But, also spectrum is finite, especially on what we can use with the current
technologies. If everybody puts it's own high powered antenas, it would just
make everbody's service unsuable. And taking out your competitor, ment to just
place a bigger antena.

Also, high costs and barriers of entry don't just come b/c regulation. There
is huge capital costs to build a infrastructure (towers, technology, etc.)
Look at Wimax, (which has less regulations than cellular telephone) where two
companies had to merge in order to make it feasable.

What I would like, is option 2. The goverment makes sure there is fair
competition for services, and where a carrier shouldn't lock your devices, and
not allow you have your own apps and services in your phone.
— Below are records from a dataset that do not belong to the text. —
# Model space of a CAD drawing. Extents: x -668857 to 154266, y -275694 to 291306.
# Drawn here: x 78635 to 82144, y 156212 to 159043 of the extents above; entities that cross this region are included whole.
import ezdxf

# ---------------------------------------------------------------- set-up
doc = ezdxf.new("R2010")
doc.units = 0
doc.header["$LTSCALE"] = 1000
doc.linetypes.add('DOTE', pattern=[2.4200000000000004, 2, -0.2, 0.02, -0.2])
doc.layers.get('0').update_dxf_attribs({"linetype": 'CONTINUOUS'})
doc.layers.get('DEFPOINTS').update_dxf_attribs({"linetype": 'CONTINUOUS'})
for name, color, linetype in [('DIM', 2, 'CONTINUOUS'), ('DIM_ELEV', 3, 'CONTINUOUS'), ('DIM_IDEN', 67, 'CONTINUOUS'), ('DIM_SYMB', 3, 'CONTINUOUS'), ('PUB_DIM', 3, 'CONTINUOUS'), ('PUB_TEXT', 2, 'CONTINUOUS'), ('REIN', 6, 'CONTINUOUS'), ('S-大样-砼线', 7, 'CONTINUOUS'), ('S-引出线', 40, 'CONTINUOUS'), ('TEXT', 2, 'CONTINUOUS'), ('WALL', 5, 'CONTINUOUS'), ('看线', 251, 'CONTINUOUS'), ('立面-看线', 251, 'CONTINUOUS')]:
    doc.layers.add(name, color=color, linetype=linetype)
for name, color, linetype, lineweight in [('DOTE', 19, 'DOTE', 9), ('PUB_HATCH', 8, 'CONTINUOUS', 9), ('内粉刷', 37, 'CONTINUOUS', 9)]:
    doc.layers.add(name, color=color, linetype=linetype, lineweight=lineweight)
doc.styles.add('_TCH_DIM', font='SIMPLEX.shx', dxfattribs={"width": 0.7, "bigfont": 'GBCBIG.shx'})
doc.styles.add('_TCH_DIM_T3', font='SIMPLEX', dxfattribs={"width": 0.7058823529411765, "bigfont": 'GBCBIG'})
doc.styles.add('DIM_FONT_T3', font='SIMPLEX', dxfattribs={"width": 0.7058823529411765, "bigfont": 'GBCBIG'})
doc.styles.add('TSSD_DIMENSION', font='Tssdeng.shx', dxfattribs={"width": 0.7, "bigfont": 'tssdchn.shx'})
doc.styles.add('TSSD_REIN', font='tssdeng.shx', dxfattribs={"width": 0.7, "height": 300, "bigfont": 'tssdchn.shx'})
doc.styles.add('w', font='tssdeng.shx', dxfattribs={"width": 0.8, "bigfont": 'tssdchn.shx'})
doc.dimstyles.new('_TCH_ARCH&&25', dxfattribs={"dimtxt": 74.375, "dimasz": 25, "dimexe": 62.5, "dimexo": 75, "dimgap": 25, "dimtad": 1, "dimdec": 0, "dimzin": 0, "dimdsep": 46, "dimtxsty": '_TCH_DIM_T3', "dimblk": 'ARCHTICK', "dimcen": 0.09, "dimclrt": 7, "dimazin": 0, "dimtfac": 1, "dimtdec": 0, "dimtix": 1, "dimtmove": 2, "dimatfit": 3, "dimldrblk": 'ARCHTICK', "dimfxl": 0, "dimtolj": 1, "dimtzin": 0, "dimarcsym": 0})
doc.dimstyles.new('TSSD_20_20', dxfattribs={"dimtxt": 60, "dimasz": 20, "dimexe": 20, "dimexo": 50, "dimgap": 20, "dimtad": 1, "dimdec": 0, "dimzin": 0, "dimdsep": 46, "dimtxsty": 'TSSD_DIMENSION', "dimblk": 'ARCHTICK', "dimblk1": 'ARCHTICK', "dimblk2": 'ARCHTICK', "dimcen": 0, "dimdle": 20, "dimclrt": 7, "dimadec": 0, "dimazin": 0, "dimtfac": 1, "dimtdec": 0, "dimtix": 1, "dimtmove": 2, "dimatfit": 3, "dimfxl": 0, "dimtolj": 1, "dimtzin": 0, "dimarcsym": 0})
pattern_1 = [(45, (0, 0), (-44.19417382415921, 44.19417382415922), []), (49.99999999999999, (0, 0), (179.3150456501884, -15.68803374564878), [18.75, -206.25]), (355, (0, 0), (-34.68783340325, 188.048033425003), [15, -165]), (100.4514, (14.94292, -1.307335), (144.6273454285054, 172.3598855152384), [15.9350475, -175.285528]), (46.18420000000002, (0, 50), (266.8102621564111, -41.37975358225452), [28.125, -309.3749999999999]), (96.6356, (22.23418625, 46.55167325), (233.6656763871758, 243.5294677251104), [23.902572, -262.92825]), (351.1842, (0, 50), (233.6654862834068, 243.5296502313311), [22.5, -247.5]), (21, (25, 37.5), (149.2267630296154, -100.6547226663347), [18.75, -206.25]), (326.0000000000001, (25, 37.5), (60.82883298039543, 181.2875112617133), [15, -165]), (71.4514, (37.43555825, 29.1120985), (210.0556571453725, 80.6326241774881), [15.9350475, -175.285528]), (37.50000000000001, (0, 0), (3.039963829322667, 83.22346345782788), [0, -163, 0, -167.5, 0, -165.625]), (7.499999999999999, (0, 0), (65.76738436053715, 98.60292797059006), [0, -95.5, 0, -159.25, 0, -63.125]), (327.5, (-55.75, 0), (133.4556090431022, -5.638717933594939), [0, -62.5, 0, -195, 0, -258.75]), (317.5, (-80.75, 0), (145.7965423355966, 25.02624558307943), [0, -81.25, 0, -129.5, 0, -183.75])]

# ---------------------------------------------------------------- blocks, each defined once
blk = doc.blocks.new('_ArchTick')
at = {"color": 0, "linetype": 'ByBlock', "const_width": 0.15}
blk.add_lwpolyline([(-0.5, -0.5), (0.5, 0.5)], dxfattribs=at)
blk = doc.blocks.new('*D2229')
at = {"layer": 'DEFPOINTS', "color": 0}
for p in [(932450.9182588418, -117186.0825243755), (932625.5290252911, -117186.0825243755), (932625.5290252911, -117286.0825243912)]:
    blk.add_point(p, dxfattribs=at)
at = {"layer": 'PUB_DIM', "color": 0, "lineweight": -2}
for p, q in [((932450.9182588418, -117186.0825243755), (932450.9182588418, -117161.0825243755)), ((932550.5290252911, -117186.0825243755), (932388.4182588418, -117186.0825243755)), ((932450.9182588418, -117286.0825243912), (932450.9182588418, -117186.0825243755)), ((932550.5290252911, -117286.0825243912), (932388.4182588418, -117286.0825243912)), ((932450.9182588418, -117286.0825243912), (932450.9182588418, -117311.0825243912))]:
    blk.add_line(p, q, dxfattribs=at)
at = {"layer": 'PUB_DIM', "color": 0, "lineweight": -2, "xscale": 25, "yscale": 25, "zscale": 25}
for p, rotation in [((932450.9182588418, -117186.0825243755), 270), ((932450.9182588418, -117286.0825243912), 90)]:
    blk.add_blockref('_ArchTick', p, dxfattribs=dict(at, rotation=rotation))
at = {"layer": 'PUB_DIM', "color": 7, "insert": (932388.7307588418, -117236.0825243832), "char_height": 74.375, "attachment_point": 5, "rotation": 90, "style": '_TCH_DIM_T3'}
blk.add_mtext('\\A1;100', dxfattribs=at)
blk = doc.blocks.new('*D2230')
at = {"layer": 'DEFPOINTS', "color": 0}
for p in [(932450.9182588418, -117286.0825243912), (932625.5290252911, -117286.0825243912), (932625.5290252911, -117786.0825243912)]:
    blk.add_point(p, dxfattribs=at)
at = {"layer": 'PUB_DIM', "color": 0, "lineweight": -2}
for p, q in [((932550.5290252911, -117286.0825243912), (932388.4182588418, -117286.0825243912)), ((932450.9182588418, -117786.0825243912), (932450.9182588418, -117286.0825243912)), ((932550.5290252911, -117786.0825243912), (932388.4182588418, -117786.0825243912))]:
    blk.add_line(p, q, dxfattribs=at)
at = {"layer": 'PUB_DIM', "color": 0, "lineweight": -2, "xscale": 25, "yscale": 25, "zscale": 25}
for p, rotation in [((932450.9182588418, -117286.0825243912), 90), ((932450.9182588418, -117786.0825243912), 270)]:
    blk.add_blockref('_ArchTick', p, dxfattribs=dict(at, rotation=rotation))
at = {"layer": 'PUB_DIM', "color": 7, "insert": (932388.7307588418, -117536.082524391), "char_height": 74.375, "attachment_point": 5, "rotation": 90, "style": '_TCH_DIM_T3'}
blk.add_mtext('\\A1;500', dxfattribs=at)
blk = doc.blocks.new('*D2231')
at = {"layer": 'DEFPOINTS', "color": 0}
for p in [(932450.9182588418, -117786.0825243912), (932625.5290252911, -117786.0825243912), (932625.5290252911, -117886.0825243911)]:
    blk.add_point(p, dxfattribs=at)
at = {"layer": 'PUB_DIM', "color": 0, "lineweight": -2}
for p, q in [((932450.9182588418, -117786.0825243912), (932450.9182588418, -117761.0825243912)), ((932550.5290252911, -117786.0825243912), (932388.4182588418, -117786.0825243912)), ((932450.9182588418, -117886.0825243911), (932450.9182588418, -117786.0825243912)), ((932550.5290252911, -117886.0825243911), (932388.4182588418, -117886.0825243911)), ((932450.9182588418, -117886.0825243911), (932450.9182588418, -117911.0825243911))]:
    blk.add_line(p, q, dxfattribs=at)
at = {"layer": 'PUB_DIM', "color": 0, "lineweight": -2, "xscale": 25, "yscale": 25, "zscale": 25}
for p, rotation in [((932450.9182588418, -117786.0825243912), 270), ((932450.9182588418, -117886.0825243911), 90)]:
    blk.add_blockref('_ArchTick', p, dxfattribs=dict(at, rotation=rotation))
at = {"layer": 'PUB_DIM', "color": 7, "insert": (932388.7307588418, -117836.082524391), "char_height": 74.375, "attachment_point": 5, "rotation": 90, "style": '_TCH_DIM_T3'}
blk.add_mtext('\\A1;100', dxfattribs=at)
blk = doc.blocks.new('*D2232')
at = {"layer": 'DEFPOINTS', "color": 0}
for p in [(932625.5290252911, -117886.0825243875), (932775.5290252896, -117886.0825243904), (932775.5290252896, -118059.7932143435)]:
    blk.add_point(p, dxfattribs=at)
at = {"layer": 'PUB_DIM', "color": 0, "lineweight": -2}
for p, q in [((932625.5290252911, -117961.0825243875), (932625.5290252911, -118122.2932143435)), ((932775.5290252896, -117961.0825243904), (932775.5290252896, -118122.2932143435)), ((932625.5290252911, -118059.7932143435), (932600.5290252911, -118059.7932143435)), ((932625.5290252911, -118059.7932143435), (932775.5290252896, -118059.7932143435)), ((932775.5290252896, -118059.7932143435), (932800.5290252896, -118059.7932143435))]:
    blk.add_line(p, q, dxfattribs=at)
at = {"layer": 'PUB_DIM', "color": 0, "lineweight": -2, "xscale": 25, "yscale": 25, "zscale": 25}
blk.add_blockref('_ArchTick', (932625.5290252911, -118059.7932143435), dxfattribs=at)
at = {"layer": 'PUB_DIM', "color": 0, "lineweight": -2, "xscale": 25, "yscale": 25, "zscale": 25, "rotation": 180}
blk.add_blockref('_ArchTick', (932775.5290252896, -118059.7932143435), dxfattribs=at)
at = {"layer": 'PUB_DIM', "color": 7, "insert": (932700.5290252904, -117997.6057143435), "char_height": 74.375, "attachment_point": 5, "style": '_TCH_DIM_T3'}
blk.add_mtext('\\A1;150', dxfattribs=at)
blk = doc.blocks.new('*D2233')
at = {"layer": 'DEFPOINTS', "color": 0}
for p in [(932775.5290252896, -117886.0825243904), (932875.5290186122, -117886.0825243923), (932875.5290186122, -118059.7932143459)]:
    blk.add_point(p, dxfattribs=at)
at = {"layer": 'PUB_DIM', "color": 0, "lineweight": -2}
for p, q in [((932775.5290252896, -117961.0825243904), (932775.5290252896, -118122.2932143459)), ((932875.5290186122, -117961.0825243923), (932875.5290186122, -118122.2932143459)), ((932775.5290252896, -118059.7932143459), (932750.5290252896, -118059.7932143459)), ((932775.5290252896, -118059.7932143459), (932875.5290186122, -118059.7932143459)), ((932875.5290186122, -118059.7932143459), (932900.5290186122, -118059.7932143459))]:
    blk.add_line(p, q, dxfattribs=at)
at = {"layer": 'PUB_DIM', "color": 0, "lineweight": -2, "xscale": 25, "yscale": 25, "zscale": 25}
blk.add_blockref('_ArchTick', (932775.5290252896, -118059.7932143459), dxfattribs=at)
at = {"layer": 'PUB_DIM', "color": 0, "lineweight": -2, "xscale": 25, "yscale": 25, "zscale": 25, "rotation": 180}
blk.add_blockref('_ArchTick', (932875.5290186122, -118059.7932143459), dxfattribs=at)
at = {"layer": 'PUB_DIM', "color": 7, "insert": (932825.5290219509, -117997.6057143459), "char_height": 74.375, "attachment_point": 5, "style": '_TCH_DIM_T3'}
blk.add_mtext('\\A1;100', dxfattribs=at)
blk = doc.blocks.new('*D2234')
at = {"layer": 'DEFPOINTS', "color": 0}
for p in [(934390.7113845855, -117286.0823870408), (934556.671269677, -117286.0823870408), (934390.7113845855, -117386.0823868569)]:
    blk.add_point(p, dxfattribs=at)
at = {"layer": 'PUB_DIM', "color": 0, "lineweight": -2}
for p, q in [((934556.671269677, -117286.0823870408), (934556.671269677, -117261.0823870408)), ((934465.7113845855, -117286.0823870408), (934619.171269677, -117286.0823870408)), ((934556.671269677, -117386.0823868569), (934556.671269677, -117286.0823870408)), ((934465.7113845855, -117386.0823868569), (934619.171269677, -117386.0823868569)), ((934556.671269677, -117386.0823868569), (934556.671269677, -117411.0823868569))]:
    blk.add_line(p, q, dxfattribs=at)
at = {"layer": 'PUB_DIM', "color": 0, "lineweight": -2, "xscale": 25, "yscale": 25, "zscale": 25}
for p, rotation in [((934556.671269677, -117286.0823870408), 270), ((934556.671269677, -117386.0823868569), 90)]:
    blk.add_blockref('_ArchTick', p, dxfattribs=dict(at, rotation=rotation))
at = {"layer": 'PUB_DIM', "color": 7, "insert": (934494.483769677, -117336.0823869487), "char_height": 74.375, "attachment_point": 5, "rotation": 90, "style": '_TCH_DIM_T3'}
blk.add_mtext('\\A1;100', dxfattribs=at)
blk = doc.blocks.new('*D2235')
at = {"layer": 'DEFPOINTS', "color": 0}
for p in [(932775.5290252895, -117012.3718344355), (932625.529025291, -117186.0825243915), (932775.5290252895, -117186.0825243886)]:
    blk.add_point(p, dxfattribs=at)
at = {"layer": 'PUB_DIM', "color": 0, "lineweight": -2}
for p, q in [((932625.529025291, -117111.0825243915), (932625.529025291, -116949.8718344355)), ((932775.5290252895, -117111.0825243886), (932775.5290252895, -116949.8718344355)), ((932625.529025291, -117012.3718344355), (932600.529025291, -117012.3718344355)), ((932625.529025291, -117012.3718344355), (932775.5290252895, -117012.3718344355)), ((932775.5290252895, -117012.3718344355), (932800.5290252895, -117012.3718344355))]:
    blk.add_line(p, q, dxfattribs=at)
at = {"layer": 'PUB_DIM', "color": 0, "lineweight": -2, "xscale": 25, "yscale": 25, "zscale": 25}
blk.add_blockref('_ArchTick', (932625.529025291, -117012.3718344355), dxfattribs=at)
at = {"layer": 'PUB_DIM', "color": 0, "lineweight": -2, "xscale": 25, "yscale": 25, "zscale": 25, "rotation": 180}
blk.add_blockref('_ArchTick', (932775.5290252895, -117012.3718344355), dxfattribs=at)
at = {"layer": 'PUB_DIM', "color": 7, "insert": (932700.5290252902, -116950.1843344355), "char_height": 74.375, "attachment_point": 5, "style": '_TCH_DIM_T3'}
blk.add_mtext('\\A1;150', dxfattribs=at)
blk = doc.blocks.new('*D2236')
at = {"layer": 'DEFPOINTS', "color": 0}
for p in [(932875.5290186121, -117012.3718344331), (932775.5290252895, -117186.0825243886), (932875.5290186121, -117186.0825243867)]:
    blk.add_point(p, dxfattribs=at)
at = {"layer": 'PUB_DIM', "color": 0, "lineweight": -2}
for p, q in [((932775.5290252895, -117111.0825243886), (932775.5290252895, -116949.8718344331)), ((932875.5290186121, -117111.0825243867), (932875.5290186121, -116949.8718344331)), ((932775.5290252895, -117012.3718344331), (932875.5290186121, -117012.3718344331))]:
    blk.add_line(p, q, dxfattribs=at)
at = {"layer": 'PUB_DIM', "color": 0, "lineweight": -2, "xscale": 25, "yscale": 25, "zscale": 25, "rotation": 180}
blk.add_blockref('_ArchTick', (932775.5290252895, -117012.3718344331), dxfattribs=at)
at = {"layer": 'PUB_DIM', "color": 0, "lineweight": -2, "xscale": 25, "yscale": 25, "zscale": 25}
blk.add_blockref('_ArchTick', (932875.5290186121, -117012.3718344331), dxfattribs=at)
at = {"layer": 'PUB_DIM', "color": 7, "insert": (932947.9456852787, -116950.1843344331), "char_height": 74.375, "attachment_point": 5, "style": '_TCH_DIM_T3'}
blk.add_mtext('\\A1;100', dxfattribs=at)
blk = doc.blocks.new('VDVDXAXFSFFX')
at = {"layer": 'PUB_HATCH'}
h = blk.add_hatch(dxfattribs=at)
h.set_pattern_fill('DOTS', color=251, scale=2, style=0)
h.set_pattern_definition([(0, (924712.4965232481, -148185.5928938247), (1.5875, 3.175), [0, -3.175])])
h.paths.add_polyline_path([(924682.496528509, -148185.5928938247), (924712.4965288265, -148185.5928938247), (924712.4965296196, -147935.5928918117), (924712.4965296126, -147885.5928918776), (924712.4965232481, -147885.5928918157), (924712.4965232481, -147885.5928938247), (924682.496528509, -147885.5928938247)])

If you look a classical use of goverment regulation: Road traffic, traffic
lights, rules etc. In the early days of the car, none existed, and it used to
be every man for each own. Result was lots of accidents, traffic jams
(deadlocks everywhere), making cities almost too chaotic. People driving
without knowing how to really drive (accident rates where very high).
Regulation brought some control to the chaos, where it made roads usable,
traffic flowing, and make sure only people that know how to drive, drove.

But, regulation can also go too far, but making things expensive, excessive
tickets that serve only to make revenue to cities and states. etc.

And yes, I have real life experience with this. I come from an ex-communist
country, where twice in my life time goverment basically ceased to exist (once
in 90-92, and once in 97). It was everybody on it's own, and it wasn't pretty.

I remember my favorite TV channel went off air, b/c one their competitors
decided to erect a bigger antena, and use the same band.

Overegulation is bad, but under regulation is surely aweful. And I lived
through it. Most of you probably just dream about it, and think it is cool,
but it is not.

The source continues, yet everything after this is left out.